Aim of the exercise => With the line containing "35 35 0) (unit 1)" as the final line, restate exactly every line of the data below from the first one onward, and copy no pictures.

** Opening Exercise input block **

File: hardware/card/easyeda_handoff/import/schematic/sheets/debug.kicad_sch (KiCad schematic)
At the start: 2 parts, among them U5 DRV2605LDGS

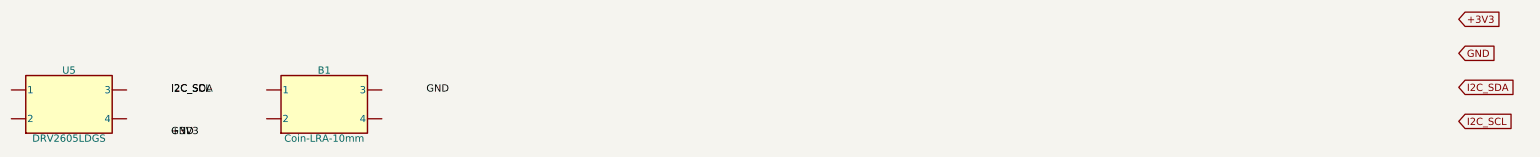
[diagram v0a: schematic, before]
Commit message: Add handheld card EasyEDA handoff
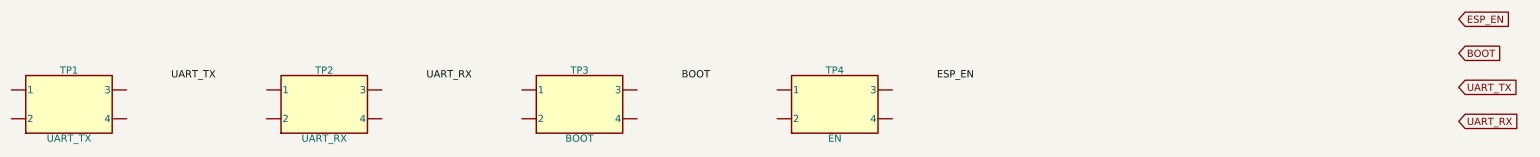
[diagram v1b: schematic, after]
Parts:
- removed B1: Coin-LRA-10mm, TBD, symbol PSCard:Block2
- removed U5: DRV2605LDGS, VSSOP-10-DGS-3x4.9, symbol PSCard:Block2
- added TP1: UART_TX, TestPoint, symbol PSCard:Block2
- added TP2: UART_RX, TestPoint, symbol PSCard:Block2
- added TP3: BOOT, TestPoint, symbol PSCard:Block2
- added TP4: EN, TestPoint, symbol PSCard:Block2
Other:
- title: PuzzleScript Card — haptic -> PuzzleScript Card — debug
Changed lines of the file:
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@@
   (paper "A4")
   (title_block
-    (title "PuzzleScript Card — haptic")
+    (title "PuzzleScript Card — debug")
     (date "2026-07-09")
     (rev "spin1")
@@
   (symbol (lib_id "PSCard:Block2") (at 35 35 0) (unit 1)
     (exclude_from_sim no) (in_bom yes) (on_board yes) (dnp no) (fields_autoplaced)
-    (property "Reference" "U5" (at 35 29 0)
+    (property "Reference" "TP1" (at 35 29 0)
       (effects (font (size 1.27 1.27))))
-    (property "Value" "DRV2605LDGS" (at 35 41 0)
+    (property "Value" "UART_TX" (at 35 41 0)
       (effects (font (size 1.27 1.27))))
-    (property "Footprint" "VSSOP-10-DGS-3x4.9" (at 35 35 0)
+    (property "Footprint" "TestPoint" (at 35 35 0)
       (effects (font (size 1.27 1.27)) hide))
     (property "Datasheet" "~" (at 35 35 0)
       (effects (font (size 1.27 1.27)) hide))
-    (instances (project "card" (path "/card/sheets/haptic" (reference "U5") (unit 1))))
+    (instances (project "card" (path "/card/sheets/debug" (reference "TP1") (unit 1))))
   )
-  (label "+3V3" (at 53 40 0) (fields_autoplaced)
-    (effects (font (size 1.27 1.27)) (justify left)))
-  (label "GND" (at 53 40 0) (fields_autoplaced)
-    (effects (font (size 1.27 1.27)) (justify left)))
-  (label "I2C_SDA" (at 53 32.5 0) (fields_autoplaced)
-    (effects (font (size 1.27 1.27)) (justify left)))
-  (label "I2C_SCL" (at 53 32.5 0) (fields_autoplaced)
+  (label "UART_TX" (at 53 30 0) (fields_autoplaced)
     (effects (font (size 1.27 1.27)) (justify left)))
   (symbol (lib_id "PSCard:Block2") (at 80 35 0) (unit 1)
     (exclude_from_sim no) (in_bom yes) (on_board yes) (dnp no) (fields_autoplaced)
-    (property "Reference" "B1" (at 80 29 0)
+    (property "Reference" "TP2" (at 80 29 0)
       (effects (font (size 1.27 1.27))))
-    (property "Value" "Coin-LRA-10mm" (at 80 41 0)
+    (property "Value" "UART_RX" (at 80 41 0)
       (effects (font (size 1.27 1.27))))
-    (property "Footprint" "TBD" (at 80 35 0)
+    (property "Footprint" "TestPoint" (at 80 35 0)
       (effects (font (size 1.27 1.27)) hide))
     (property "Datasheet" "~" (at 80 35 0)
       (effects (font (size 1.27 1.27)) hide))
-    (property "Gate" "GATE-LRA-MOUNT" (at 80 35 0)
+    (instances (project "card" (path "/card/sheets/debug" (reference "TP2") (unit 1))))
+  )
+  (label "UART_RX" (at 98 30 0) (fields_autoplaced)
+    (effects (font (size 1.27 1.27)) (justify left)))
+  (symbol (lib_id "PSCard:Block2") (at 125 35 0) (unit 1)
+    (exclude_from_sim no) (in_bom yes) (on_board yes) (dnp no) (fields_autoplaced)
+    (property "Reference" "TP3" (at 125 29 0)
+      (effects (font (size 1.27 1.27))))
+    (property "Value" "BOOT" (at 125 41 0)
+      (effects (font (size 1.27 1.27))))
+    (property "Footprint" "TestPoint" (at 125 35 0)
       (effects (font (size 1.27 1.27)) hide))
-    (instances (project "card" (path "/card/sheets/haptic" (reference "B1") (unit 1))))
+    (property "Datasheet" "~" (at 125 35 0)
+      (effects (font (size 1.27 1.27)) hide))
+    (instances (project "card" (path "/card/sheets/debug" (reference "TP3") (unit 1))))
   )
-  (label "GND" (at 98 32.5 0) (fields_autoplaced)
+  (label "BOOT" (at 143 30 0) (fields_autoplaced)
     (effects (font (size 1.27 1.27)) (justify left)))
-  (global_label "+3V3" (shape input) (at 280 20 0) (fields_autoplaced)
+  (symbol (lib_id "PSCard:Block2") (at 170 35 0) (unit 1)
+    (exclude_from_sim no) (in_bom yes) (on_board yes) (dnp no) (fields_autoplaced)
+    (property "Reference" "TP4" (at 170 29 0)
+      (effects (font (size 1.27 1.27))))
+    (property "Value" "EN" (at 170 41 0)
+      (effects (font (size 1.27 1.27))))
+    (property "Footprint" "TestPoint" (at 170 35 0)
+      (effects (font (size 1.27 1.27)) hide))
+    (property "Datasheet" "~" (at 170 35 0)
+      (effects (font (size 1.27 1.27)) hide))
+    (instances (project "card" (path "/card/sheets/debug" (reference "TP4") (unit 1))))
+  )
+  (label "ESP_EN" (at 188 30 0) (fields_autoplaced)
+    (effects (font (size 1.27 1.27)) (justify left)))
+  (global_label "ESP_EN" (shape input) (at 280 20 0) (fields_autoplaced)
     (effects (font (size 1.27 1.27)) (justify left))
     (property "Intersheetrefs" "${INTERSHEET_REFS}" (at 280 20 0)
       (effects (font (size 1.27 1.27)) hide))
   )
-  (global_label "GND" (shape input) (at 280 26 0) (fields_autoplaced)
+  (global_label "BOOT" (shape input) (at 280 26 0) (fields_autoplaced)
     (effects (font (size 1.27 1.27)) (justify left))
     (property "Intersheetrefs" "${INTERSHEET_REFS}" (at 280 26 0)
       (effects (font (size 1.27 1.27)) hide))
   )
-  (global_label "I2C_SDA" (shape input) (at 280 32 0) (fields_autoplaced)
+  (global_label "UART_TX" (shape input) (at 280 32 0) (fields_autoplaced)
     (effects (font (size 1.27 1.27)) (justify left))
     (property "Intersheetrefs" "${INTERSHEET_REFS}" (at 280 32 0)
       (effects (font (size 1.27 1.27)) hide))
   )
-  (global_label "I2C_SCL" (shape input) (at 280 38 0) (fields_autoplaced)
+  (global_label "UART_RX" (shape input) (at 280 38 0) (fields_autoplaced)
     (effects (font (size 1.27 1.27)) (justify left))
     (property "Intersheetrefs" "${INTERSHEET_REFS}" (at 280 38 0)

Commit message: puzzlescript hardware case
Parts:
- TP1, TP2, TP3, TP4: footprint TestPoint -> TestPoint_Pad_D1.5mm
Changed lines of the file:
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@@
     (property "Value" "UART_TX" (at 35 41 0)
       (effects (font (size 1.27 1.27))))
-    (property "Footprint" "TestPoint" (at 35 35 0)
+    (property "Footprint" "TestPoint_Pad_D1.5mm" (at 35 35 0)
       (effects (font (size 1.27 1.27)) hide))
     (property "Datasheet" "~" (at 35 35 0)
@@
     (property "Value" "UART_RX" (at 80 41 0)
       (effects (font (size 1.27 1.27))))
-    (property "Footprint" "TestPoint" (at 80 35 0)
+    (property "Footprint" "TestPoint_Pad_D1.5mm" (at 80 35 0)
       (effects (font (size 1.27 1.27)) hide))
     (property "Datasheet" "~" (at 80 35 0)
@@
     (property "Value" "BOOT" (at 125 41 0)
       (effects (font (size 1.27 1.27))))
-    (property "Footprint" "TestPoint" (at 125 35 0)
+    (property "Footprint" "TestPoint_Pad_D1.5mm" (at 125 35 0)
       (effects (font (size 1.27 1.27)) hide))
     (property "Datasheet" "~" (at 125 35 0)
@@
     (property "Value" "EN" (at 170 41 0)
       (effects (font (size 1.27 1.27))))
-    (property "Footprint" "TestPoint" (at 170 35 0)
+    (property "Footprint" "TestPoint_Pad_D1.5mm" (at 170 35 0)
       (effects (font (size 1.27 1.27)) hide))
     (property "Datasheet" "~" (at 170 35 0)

** Closing Exercise input block **

Reply =>
File: hardware/card/easyeda_handoff/import/schematic/sheets/debug.kicad_sch (KiCad schematic)
At the start: 2 parts, among them U5 DRV2605LDGS

[diagram v0a: schematic, before]
Commit message: Add handheld card EasyEDA handoff
[diagram v1b: schematic, after]
Parts:
- removed B1: Coin-LRA-10mm, TBD, symbol PSCard:Block2
- removed U5: DRV2605LDGS, VSSOP-10-DGS-3x4.9, symbol PSCard:Block2
- added TP1: UART_TX, TestPoint, symbol PSCard:Block2
- added TP2: UART_RX, TestPoint, symbol PSCard:Block2
- added TP3: BOOT, TestPoint, symbol PSCard:Block2
- added TP4: EN, TestPoint, symbol PSCard:Block2
Other:
- title: PuzzleScript Card — haptic -> PuzzleScript Card — debug
Changed lines of the file:
@@
   (paper "A4")
   (title_block
-    (title "PuzzleScript Card — haptic")
+    (title "PuzzleScript Card — debug")
     (date "2026-07-09")
     (rev "spin1")
@@
   (symbol (lib_id "PSCard:Block2") (at 35 35 0) (unit 1)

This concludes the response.